* _WHAT TO PRODUCE_: Return the exact lines from the one containing "plane through (0, 0, 0)" through the final line of the material below, with both ends kept.

━━━━━━━━━━━━━━━━━━━━

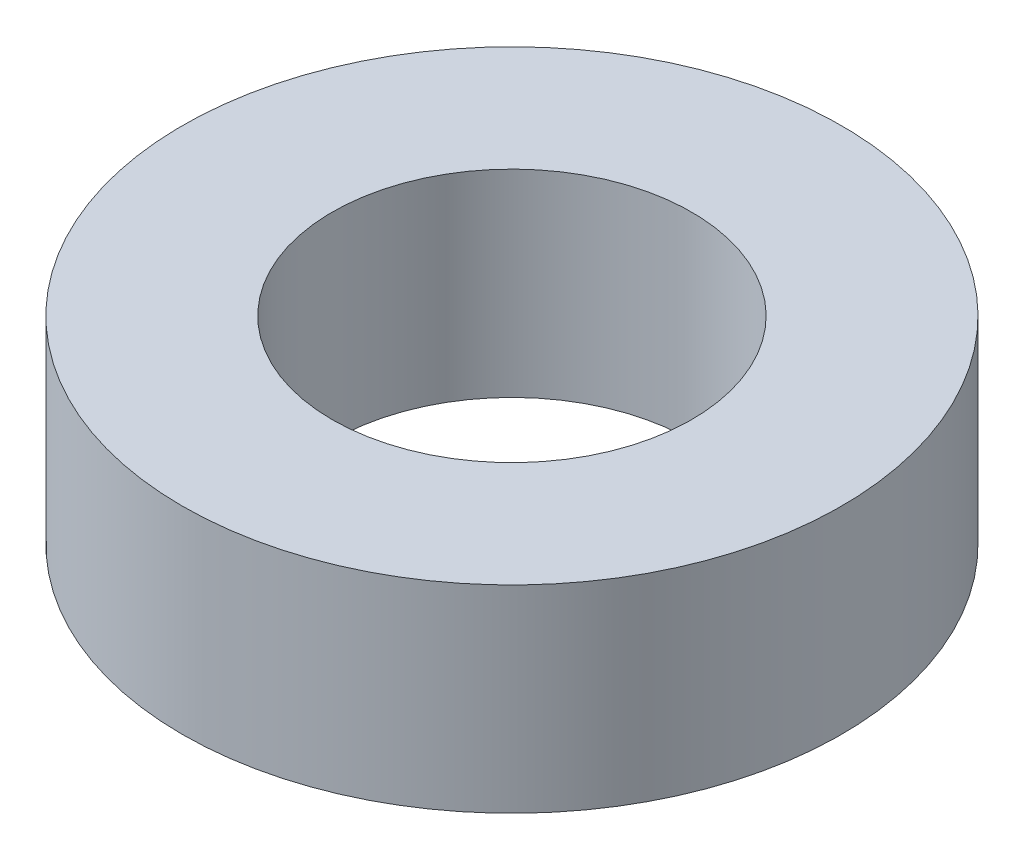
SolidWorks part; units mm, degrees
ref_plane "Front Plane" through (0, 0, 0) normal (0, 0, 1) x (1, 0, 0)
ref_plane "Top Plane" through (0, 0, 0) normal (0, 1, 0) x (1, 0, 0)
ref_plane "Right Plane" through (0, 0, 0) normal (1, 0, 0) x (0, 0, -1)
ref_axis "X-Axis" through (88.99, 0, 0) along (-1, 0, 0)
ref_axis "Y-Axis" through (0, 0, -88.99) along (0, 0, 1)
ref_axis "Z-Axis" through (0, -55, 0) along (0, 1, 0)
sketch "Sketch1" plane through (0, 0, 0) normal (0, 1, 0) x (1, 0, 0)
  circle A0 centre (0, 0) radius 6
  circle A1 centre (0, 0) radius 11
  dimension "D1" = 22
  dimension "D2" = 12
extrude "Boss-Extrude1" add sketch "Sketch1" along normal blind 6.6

━━━━━━━━━━━━━━━━━━━━

* _TASK RESULT_:
sketch "Sketch1" plane through (0, 0, 0) normal (0, 1, 0) x (1, 0, 0)
  circle A0 centre (0, 0) radius 6
  circle A1 centre (0, 0) radius 11
  dimension "D1" = 22
  dimension "D2" = 12
extrude "Boss-Extrude1" add sketch "Sketch1" along normal blind 6.6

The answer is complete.